Training Principles 7 min read
Rep Ranges: Strength vs. Hypertrophy vs. Endurance
The "hypertrophy rep range" of 8-12 reps is a useful guideline, but research shows muscle can be built across a wide spectrum of rep ranges — provided sets are taken close to failure.
Key Points
1-5 reps: best for maximal strength development. High mechanical tension, requires longer rest (3-5 min)
6-12 reps: the "sweet spot" for most lifters. Balances tension, metabolic stress, and time efficiency
12-30 reps: can build muscle equally well IF taken close to failure, but becomes increasingly uncomfortable and time-consuming (Schoenfeld et al., 2021)
Practical approach: do most of your work in the 6-12 range, use heavy (1-5) work for strength, and higher reps (12-20) for isolation and accessory work
Takeaway
Use a variety of rep ranges throughout your program. Don't overthink it — proximity to failure matters more than the exact number of reps.
Recovery 9 min read
Recovery: Deloads, Sleep, and Why More Isn't Better
You don't grow in the gym — you grow while recovering from what you did in the gym. Recovery is where adaptation happens, and shortchanging it is one of the biggest mistakes in training.
Key Points
Sleep is the most anabolic thing you can do. Aim for 7-9 hours. Sleep restriction impairs muscle protein synthesis and increases cortisol (Dattilo et al., 2011)
Deload every 4-6 weeks by reducing volume by 40-60% while maintaining intensity. This allows accumulated fatigue to dissipate
Overtraining is real but rare — what most people experience is under-recovery from poor sleep, nutrition, or life stress
Active recovery (walking, light movement) outperforms complete rest for reducing soreness
If your performance is declining across multiple sessions, you likely need more recovery, not more training
Takeaway
Plan your deloads proactively rather than waiting until you feel broken. And prioritize sleep above all else.
Programming 8 min read
Training Frequency: Bro Split vs. PPL vs. Full Body
How often you train each muscle matters, but probably less than you think. What matters most is total weekly volume and effort — the split is mostly a matter of logistics and preference.
Key Points
A meta-analysis by Schoenfeld et al. (2016) found that training each muscle 2x per week led to superior hypertrophy compared to 1x per week
Training 3x per week per muscle doesn't appear to offer additional benefit for most people (assuming equal total volume)

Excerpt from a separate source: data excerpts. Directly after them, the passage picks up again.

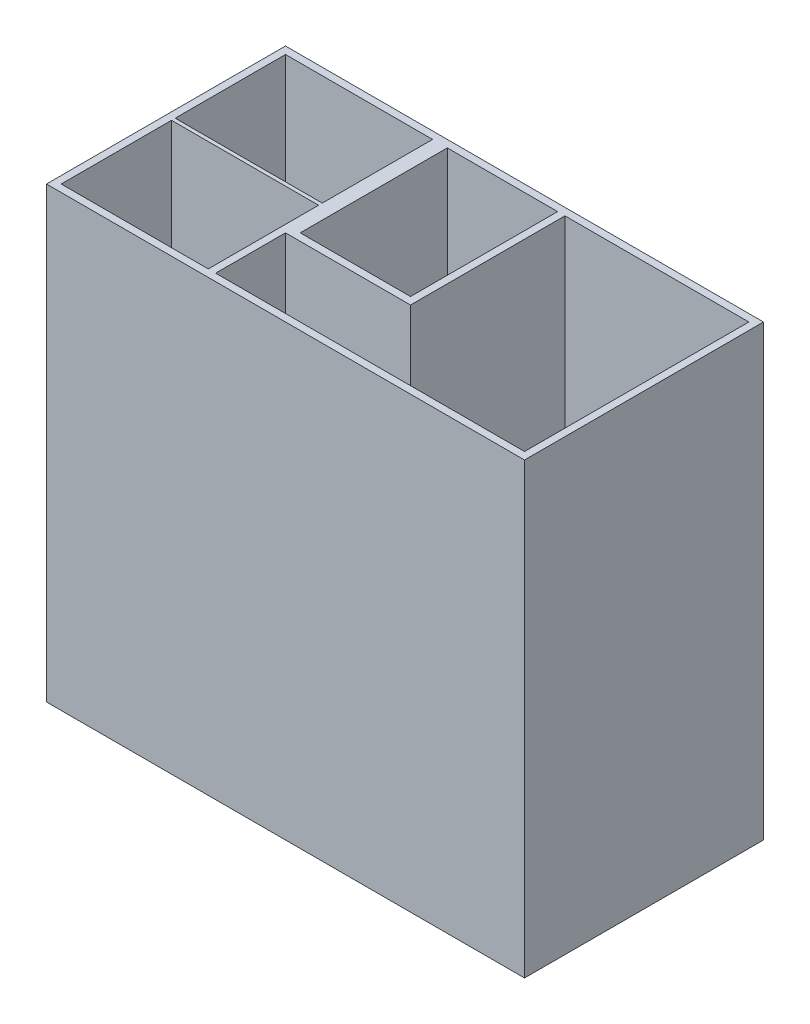
ISO-10303-21;
HEADER;
FILE_DESCRIPTION(('STEP AP214'),'2;1');
FILE_NAME('part.step','',(''),(''),'','','');
FILE_SCHEMA(('AUTOMOTIVE_DESIGN { 1 0 10303 214 1 1 1 1 }'));
ENDSEC;
DATA;
#1=APPLICATION_CONTEXT('core data for automotive mechanical design processes');
#2=APPLICATION_PROTOCOL_DEFINITION('international standard','automotive_design',2000,#1);
#3=PRODUCT_CONTEXT('',#1,'mechanical');
#4=PRODUCT('Part','Part','',(#3));
#5=PRODUCT_RELATED_PRODUCT_CATEGORY('part','',(#4));
#6=PRODUCT_DEFINITION_FORMATION('','',#4);
#7=PRODUCT_DEFINITION_CONTEXT('part definition',#1,'design');
#8=PRODUCT_DEFINITION('design','',#6,#7);
#9=PRODUCT_DEFINITION_SHAPE('','',#8);
#10=(LENGTH_UNIT() NAMED_UNIT(*) SI_UNIT(.MILLI.,.METRE.));
#11=(NAMED_UNIT(*) PLANE_ANGLE_UNIT() SI_UNIT($,.RADIAN.));
#12=(NAMED_UNIT(*) SI_UNIT($,.STERADIAN.) SOLID_ANGLE_UNIT());
#13=UNCERTAINTY_MEASURE_WITH_UNIT(LENGTH_MEASURE(1.E-05),#10,'distance_accuracy_value','');
#14=(GEOMETRIC_REPRESENTATION_CONTEXT(3) GLOBAL_UNCERTAINTY_ASSIGNED_CONTEXT((#13)) GLOBAL_UNIT_ASSIGNED_CONTEXT((#10,
#11,#12)) REPRESENTATION_CONTEXT('',''));
#15=CARTESIAN_POINT('',(0.,0.,0.));
#16=DIRECTION('',(0.,0.,1.));
#17=DIRECTION('',(1.,0.,0.));
#18=AXIS2_PLACEMENT_3D('',#15,#16,#17);
#19=CARTESIAN_POINT('',(-63.,122.,-30.5));
#20=DIRECTION('',(0.,0.,1.));
#21=DIRECTION('',(1.,0.,0.));
#22=AXIS2_PLACEMENT_3D('',#19,#20,#21);
#23=PLANE('',#22);
#24=DIRECTION('',(-1.,0.,0.));
#25=VECTOR('',#24,1.);
#26=CARTESIAN_POINT('',(-63.,2.,-30.5));
#27=LINE('',#26,#25);
#28=CARTESIAN_POINT('',(-23.,2.,-30.5));
#29=VERTEX_POINT('',#28);
#30=CARTESIAN_POINT('',(-63.,2.,-30.5));
#31=VERTEX_POINT('',#30);
#32=EDGE_CURVE('E295',#29,#31,#27,.T.);
#33=ORIENTED_EDGE('',*,*,#32,.F.);
#34=DIRECTION('',(0.,-1.,0.));
#35=VECTOR('',#34,1.);
#36=CARTESIAN_POINT('',(-23.,122.,-30.5));
#37=LINE('',#36,#35);
#38=CARTESIAN_POINT('',(-23.,122.,-30.5));
#39=VERTEX_POINT('',#38);
#40=EDGE_CURVE('E48',#39,#29,#37,.T.);
#41=ORIENTED_EDGE('',*,*,#40,.F.);
#42=DIRECTION('',(-1.,0.,0.));
#43=VECTOR('',#42,1.);
#44=CARTESIAN_POINT('',(-63.,122.,-30.5));
#45=LINE('',#44,#43);
#46=CARTESIAN_POINT('',(-63.,122.,-30.5));
#47=VERTEX_POINT('',#46);
#48=EDGE_CURVE('E191',#39,#47,#45,.T.);
#49=ORIENTED_EDGE('',*,*,#48,.T.);
#50=DIRECTION('',(0.,-1.,0.));
#51=VECTOR('',#50,1.);
#52=CARTESIAN_POINT('',(-63.,122.,-30.5));
#53=LINE('',#52,#51);
#54=EDGE_CURVE('E312',#47,#31,#53,.T.);
#55=ORIENTED_EDGE('',*,*,#54,.T.);
#56=EDGE_LOOP('',(#33,#41,#49,#55));
#57=FACE_BOUND('',#56,.T.);
#58=ADVANCED_FACE('F33',(#57),#23,.T.);
#59=DIRECTION('',(0.,-1.,0.));
#60=VECTOR('',#59,1.);
#61=CARTESIAN_POINT('',(-19.,122.,-30.5));
#62=LINE('',#61,#60);
#63=CARTESIAN_POINT('',(-19.,122.,-30.5));
#64=VERTEX_POINT('',#63);
#65=CARTESIAN_POINT('',(-19.,2.,-30.5));
#66=VERTEX_POINT('',#65);
#67=EDGE_CURVE('E279',#64,#66,#62,.T.);
#68=ORIENTED_EDGE('',*,*,#67,.T.);
#69=CARTESIAN_POINT('',(11.,2.,-30.5));
#70=VERTEX_POINT('',#69);
#71=EDGE_CURVE('E300',#70,#66,#27,.T.);
#72=ORIENTED_EDGE('',*,*,#71,.F.);
#73=DIRECTION('',(0.,-1.,0.));
#74=VECTOR('',#73,1.);
#75=CARTESIAN_POINT('',(11.,122.,-30.5));
#76=LINE('',#75,#74);
#77=CARTESIAN_POINT('',(11.,122.,-30.5));
#78=VERTEX_POINT('',#77);
#79=EDGE_CURVE('E255',#78,#70,#76,.T.);
#80=ORIENTED_EDGE('',*,*,#79,.F.);
#81=EDGE_CURVE('E56',#78,#64,#45,.T.);
#82=ORIENTED_EDGE('',*,*,#81,.T.);
#83=EDGE_LOOP('',(#68,#72,#80,#82));
#84=FACE_BOUND('',#83,.T.);
#85=ADVANCED_FACE('F371',(#84),#23,.T.);
#86=CARTESIAN_POINT('',(-63.,122.,-30.5));
#87=DIRECTION('',(1.,0.,0.));
#88=DIRECTION('',(0.,0.,-1.));
#89=AXIS2_PLACEMENT_3D('',#86,#87,#88);
#90=PLANE('',#89);
#91=DIRECTION('',(0.,0.,1.));
#92=VECTOR('',#91,1.);
#93=CARTESIAN_POINT('',(-63.,122.,-30.5));
#94=LINE('',#93,#92);
#95=CARTESIAN_POINT('',(-63.,122.,-0.49999999999998));
#96=VERTEX_POINT('',#95);
#97=EDGE_CURVE('E288',#47,#96,#94,.T.);
#98=ORIENTED_EDGE('',*,*,#97,.T.);
#99=DIRECTION('',(0.,-1.,0.));
#100=VECTOR('',#99,1.);
#101=CARTESIAN_POINT('',(-63.,122.,-0.499999999999982));
#102=LINE('',#101,#100);
#103=CARTESIAN_POINT('',(-63.,2.,-0.499999999999983));
#104=VERTEX_POINT('',#103);
#105=EDGE_CURVE('E202',#96,#104,#102,.T.);
#106=ORIENTED_EDGE('',*,*,#105,.T.);
#107=DIRECTION('',(0.,0.,1.));
#108=VECTOR('',#107,1.);
#109=CARTESIAN_POINT('',(-63.,2.,-30.5));
#110=LINE('',#109,#108);
#111=EDGE_CURVE('E301',#31,#104,#110,.T.);
#112=ORIENTED_EDGE('',*,*,#111,.F.);
#113=ORIENTED_EDGE('',*,*,#54,.F.);
#114=EDGE_LOOP('',(#98,#106,#112,#113));
#115=FACE_BOUND('',#114,.T.);
#116=ADVANCED_FACE('F377',(#115),#90,.T.);
#117=CARTESIAN_POINT('',(-63.,122.,30.5));
#118=DIRECTION('',(0.,0.,-1.));
#119=DIRECTION('',(-1.,0.,0.));
#120=AXIS2_PLACEMENT_3D('',#117,#118,#119);
#121=PLANE('',#120);
#122=DIRECTION('',(1.,0.,0.));
#123=VECTOR('',#122,1.);
#124=CARTESIAN_POINT('',(-63.,122.,30.5));
#125=LINE('',#124,#123);
#126=CARTESIAN_POINT('',(-63.,122.,30.5));
#127=VERTEX_POINT('',#126);
#128=CARTESIAN_POINT('',(-23.,122.,30.5));
#129=VERTEX_POINT('',#128);
#130=EDGE_CURVE('E291',#127,#129,#125,.T.);
#131=ORIENTED_EDGE('',*,*,#130,.T.);
#132=DIRECTION('',(0.,-1.,0.));
#133=VECTOR('',#132,1.);
#134=CARTESIAN_POINT('',(-23.,122.,30.5));
#135=LINE('',#134,#133);
#136=CARTESIAN_POINT('',(-23.,2.,30.5));
#137=VERTEX_POINT('',#136);
#138=EDGE_CURVE('E269',#129,#137,#135,.T.);
#139=ORIENTED_EDGE('',*,*,#138,.T.);
#140=DIRECTION('',(1.,0.,0.));
#141=VECTOR('',#140,1.);
#142=CARTESIAN_POINT('',(-63.,2.,30.5));
#143=LINE('',#142,#141);
#144=CARTESIAN_POINT('',(-63.,2.,30.5));
#145=VERTEX_POINT('',#144);
#146=EDGE_CURVE('E284',#145,#137,#143,.T.);
#147=ORIENTED_EDGE('',*,*,#146,.F.);
#148=DIRECTION('',(0.,-1.,0.));
#149=VECTOR('',#148,1.);
#150=CARTESIAN_POINT('',(-63.,122.,30.5));
#151=LINE('',#150,#149);
#152=EDGE_CURVE('E309',#127,#145,#151,.T.);
#153=ORIENTED_EDGE('',*,*,#152,.F.);
#154=EDGE_LOOP('',(#131,#139,#147,#153));
#155=FACE_BOUND('',#154,.T.);
#156=ADVANCED_FACE('F516',(#155),#121,.T.);
#157=CARTESIAN_POINT('',(-21.,2.,30.5));
#158=VERTEX_POINT('',#157);
#159=CARTESIAN_POINT('',(63.,2.,30.5));
#160=VERTEX_POINT('',#159);
#161=EDGE_CURVE('E304',#158,#160,#143,.T.);
#162=ORIENTED_EDGE('',*,*,#161,.F.);
#163=DIRECTION('',(0.,-1.,0.));
#164=VECTOR('',#163,1.);
#165=CARTESIAN_POINT('',(-21.,122.,30.5));
#166=LINE('',#165,#164);
#167=CARTESIAN_POINT('',(-21.,122.,30.5));
#168=VERTEX_POINT('',#167);
#169=EDGE_CURVE('E266',#168,#158,#166,.T.);
#170=ORIENTED_EDGE('',*,*,#169,.F.);
#171=CARTESIAN_POINT('',(63.,122.,30.5));
#172=VERTEX_POINT('',#171);
#173=EDGE_CURVE('E290',#168,#172,#125,.T.);
#174=ORIENTED_EDGE('',*,*,#173,.T.);
#175=DIRECTION('',(0.,-1.,0.));
#176=VECTOR('',#175,1.);
#177=CARTESIAN_POINT('',(63.,122.,30.5));
#178=LINE('',#177,#176);
#179=EDGE_CURVE('E293',#172,#160,#178,.T.);
#180=ORIENTED_EDGE('',*,*,#179,.T.);
#181=EDGE_LOOP('',(#162,#170,#174,#180));
#182=FACE_BOUND('',#181,.T.);
#183=ADVANCED_FACE('F410',(#182),#121,.T.);
#184=CARTESIAN_POINT('',(0.,2.,0.));
#185=DIRECTION('',(0.,1.,0.));
#186=DIRECTION('',(0.,0.,1.));
#187=AXIS2_PLACEMENT_3D('',#184,#185,#186);
#188=PLANE('',#187);
#189=DIRECTION('',(-1.,0.,0.));
#190=VECTOR('',#189,1.);
#191=CARTESIAN_POINT('',(0.,2.,-0.499999999999969));
#192=LINE('',#191,#190);
#193=CARTESIAN_POINT('',(-23.,2.,-0.499999999999976));
#194=VERTEX_POINT('',#193);
#195=EDGE_CURVE('E231',#194,#104,#192,.T.);
#196=ORIENTED_EDGE('',*,*,#195,.F.);
#197=DIRECTION('',(0.,0.,1.));
#198=VECTOR('',#197,1.);
#199=CARTESIAN_POINT('',(-23.,2.,0.));
#200=LINE('',#199,#198);
#201=EDGE_CURVE('E199',#29,#194,#200,.T.);
#202=ORIENTED_EDGE('',*,*,#201,.F.);
#203=ORIENTED_EDGE('',*,*,#32,.T.);
#204=ORIENTED_EDGE('',*,*,#111,.T.);
#205=EDGE_LOOP('',(#196,#202,#203,#204));
#206=FACE_BOUND('',#205,.T.);
#207=ADVANCED_FACE('F427',(#206),#188,.T.);
#208=DIRECTION('',(-1.,0.,0.));
#209=VECTOR('',#208,1.);
#210=CARTESIAN_POINT('',(0.,2.,11.5));
#211=LINE('',#210,#209);
#212=CARTESIAN_POINT('',(13.,2.,11.5));
#213=VERTEX_POINT('',#212);
#214=CARTESIAN_POINT('',(-21.,2.,11.5));
#215=VERTEX_POINT('',#214);
#216=EDGE_CURVE('E241',#213,#215,#211,.T.);
#217=ORIENTED_EDGE('',*,*,#216,.T.);
#218=DIRECTION('',(0.,0.,-1.));
#219=VECTOR('',#218,1.);
#220=CARTESIAN_POINT('',(-21.,2.,0.));
#221=LINE('',#220,#219);
#222=EDGE_CURVE('E238',#158,#215,#221,.T.);
#223=ORIENTED_EDGE('',*,*,#222,.F.);
#224=ORIENTED_EDGE('',*,*,#161,.T.);
#225=DIRECTION('',(0.,0.,-1.));
#226=VECTOR('',#225,1.);
#227=CARTESIAN_POINT('',(63.,2.,-30.5));
#228=LINE('',#227,#226);
#229=CARTESIAN_POINT('',(63.,2.,-30.5));
#230=VERTEX_POINT('',#229);
#231=EDGE_CURVE('E281',#160,#230,#228,.T.);
#232=ORIENTED_EDGE('',*,*,#231,.T.);
#233=CARTESIAN_POINT('',(13.,2.,-30.5));
#234=VERTEX_POINT('',#233);
#235=EDGE_CURVE('E296',#230,#234,#27,.T.);
#236=ORIENTED_EDGE('',*,*,#235,.T.);
#237=DIRECTION('',(0.,0.,1.));
#238=VECTOR('',#237,1.);
#239=CARTESIAN_POINT('',(13.,2.,0.));
#240=LINE('',#239,#238);
#241=EDGE_CURVE('E243',#234,#213,#240,.T.);
#242=ORIENTED_EDGE('',*,*,#241,.T.);
#243=EDGE_LOOP('',(#217,#223,#224,#232,#236,#242));
#244=FACE_BOUND('',#243,.T.);
#245=ADVANCED_FACE('F399',(#244),#188,.T.);
#246=DIRECTION('',(-1.,0.,0.));
#247=VECTOR('',#246,1.);
#248=CARTESIAN_POINT('',(0.,2.,0.499999999999987));
#249=LINE('',#248,#247);
#250=CARTESIAN_POINT('',(-23.,2.,0.499999999999987));
#251=VERTEX_POINT('',#250);
#252=CARTESIAN_POINT('',(-63.,2.,0.499999999999987));
#253=VERTEX_POINT('',#252);
#254=EDGE_CURVE('E233',#251,#253,#249,.T.);
#255=ORIENTED_EDGE('',*,*,#254,.T.);
#256=EDGE_CURVE('E299',#253,#145,#110,.T.);
#257=ORIENTED_EDGE('',*,*,#256,.T.);
#258=ORIENTED_EDGE('',*,*,#146,.T.);
#259=DIRECTION('',(0.,0.,1.));
#260=VECTOR('',#259,1.);
#261=CARTESIAN_POINT('',(-23.,2.,0.));
#262=LINE('',#261,#260);
#263=EDGE_CURVE('E235',#251,#137,#262,.T.);
#264=ORIENTED_EDGE('',*,*,#263,.F.);
#265=EDGE_LOOP('',(#255,#257,#258,#264));
#266=FACE_BOUND('',#265,.T.);
#267=ADVANCED_FACE('F369',(#266),#188,.T.);
#268=CARTESIAN_POINT('',(65.,2.,-32.5));
#269=DIRECTION('',(-1.,0.,0.));
#270=DIRECTION('',(0.,0.,1.));
#271=AXIS2_PLACEMENT_3D('',#268,#269,#270);
#272=PLANE('',#271);
#273=DIRECTION('',(0.,0.,-1.));
#274=VECTOR('',#273,1.);
#275=CARTESIAN_POINT('',(65.,0.,-32.5));
#276=LINE('',#275,#274);
#277=CARTESIAN_POINT('',(65.,0.,32.5));
#278=VERTEX_POINT('',#277);
#279=CARTESIAN_POINT('',(65.,0.,-32.5));
#280=VERTEX_POINT('',#279);
#281=EDGE_CURVE('E330',#278,#280,#276,.T.);
#282=ORIENTED_EDGE('',*,*,#281,.T.);
#283=DIRECTION('',(0.,-1.,0.));
#284=VECTOR('',#283,1.);
#285=CARTESIAN_POINT('',(65.,2.,-32.5));
#286=LINE('',#285,#284);
#287=CARTESIAN_POINT('',(65.,122.,-32.5));
#288=VERTEX_POINT('',#287);
#289=EDGE_CURVE('E11',#288,#280,#286,.T.);
#290=ORIENTED_EDGE('',*,*,#289,.F.);
#291=DIRECTION('',(0.,0.,-1.));
#292=VECTOR('',#291,1.);
#293=CARTESIAN_POINT('',(65.,122.,-32.5));
#294=LINE('',#293,#292);
#295=CARTESIAN_POINT('',(65.,122.,32.5));
#296=VERTEX_POINT('',#295);
#297=EDGE_CURVE('E318',#296,#288,#294,.T.);
#298=ORIENTED_EDGE('',*,*,#297,.F.);
#299=DIRECTION('',(0.,-1.,0.));
#300=VECTOR('',#299,1.);
#301=CARTESIAN_POINT('',(65.,2.,32.5));
#302=LINE('',#301,#300);
#303=EDGE_CURVE('E339',#296,#278,#302,.T.);
#304=ORIENTED_EDGE('',*,*,#303,.T.);
#305=EDGE_LOOP('',(#282,#290,#298,#304));
#306=FACE_BOUND('',#305,.T.);
#307=ADVANCED_FACE('F35',(#306),#272,.F.);
#308=CARTESIAN_POINT('',(-65.,2.,-32.5));
#309=DIRECTION('',(0.,0.,1.));
#310=DIRECTION('',(1.,0.,0.));
#311=AXIS2_PLACEMENT_3D('',#308,#309,#310);
#312=PLANE('',#311);
#313=DIRECTION('',(-1.,0.,0.));
#314=VECTOR('',#313,1.);
#315=CARTESIAN_POINT('',(-65.,0.,-32.5));
#316=LINE('',#315,#314);
#317=CARTESIAN_POINT('',(-65.,0.,-32.5));
#318=VERTEX_POINT('',#317);
#319=EDGE_CURVE('E333',#280,#318,#316,.T.);
#320=ORIENTED_EDGE('',*,*,#319,.T.);
#321=DIRECTION('',(0.,-1.,0.));
#322=VECTOR('',#321,1.);
#323=CARTESIAN_POINT('',(-65.,2.,-32.5));
#324=LINE('',#323,#322);
#325=CARTESIAN_POINT('',(-65.,122.,-32.5));
#326=VERTEX_POINT('',#325);
#327=EDGE_CURVE('E41',#326,#318,#324,.T.);
#328=ORIENTED_EDGE('',*,*,#327,.F.);
#329=DIRECTION('',(-1.,0.,0.));
#330=VECTOR('',#329,1.);
#331=CARTESIAN_POINT('',(-65.,122.,-32.5));
#332=LINE('',#331,#330);
#333=EDGE_CURVE('E321',#288,#326,#332,.T.);
#334=ORIENTED_EDGE('',*,*,#333,.F.);
#335=ORIENTED_EDGE('',*,*,#289,.T.);
#336=EDGE_LOOP('',(#320,#328,#334,#335));
#337=FACE_BOUND('',#336,.T.);
#338=ADVANCED_FACE('F362',(#337),#312,.F.);
#339=CARTESIAN_POINT('',(-65.,2.,-32.5));
#340=DIRECTION('',(1.,0.,0.));
#341=DIRECTION('',(0.,0.,-1.));
#342=AXIS2_PLACEMENT_3D('',#339,#340,#341);
#343=PLANE('',#342);
#344=DIRECTION('',(0.,0.,1.));
#345=VECTOR('',#344,1.);
#346=CARTESIAN_POINT('',(-65.,0.,-32.5));
#347=LINE('',#346,#345);
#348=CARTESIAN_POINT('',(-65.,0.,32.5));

Bro splits (1x/week per muscle) can work but require very high volume per session, which may impair performance
PPL (Push/Pull/Legs) and Upper/Lower splits naturally hit each muscle 2x/week and are practical for most schedules
Full body 3x/week is excellent for beginners and those with limited training days
Takeaway
Pick a split that lets you train each muscle group at least twice per week and fits your schedule. Consistency beats optimization.
Practical Tips 6 min read
How to Track Progress (Beyond the Scale)
If you're only using the scale to measure progress, you're missing the full picture. Body weight fluctuates daily for reasons that have nothing to do with fat or muscle. Here's how to track effectively.
Key Points
Track workout performance first: are your lifts going up over time? More weight or reps = progress, regardless of what the scale says
Use weekly weight averages, not daily weigh-ins. Body weight can fluctuate 1-3 kg day to day from water, food, and sodium
Take progress photos every 2-4 weeks in consistent lighting and conditions — they show changes that the scale misses
Track body measurements (waist, chest, arms, legs) monthly. These tell you WHERE changes are happening
RPE tracking helps monitor fatigue: if the same weight feels harder, you may need more recovery
Takeaway
The best measure of progress is gym performance. If you're consistently getting stronger, you're on the right track.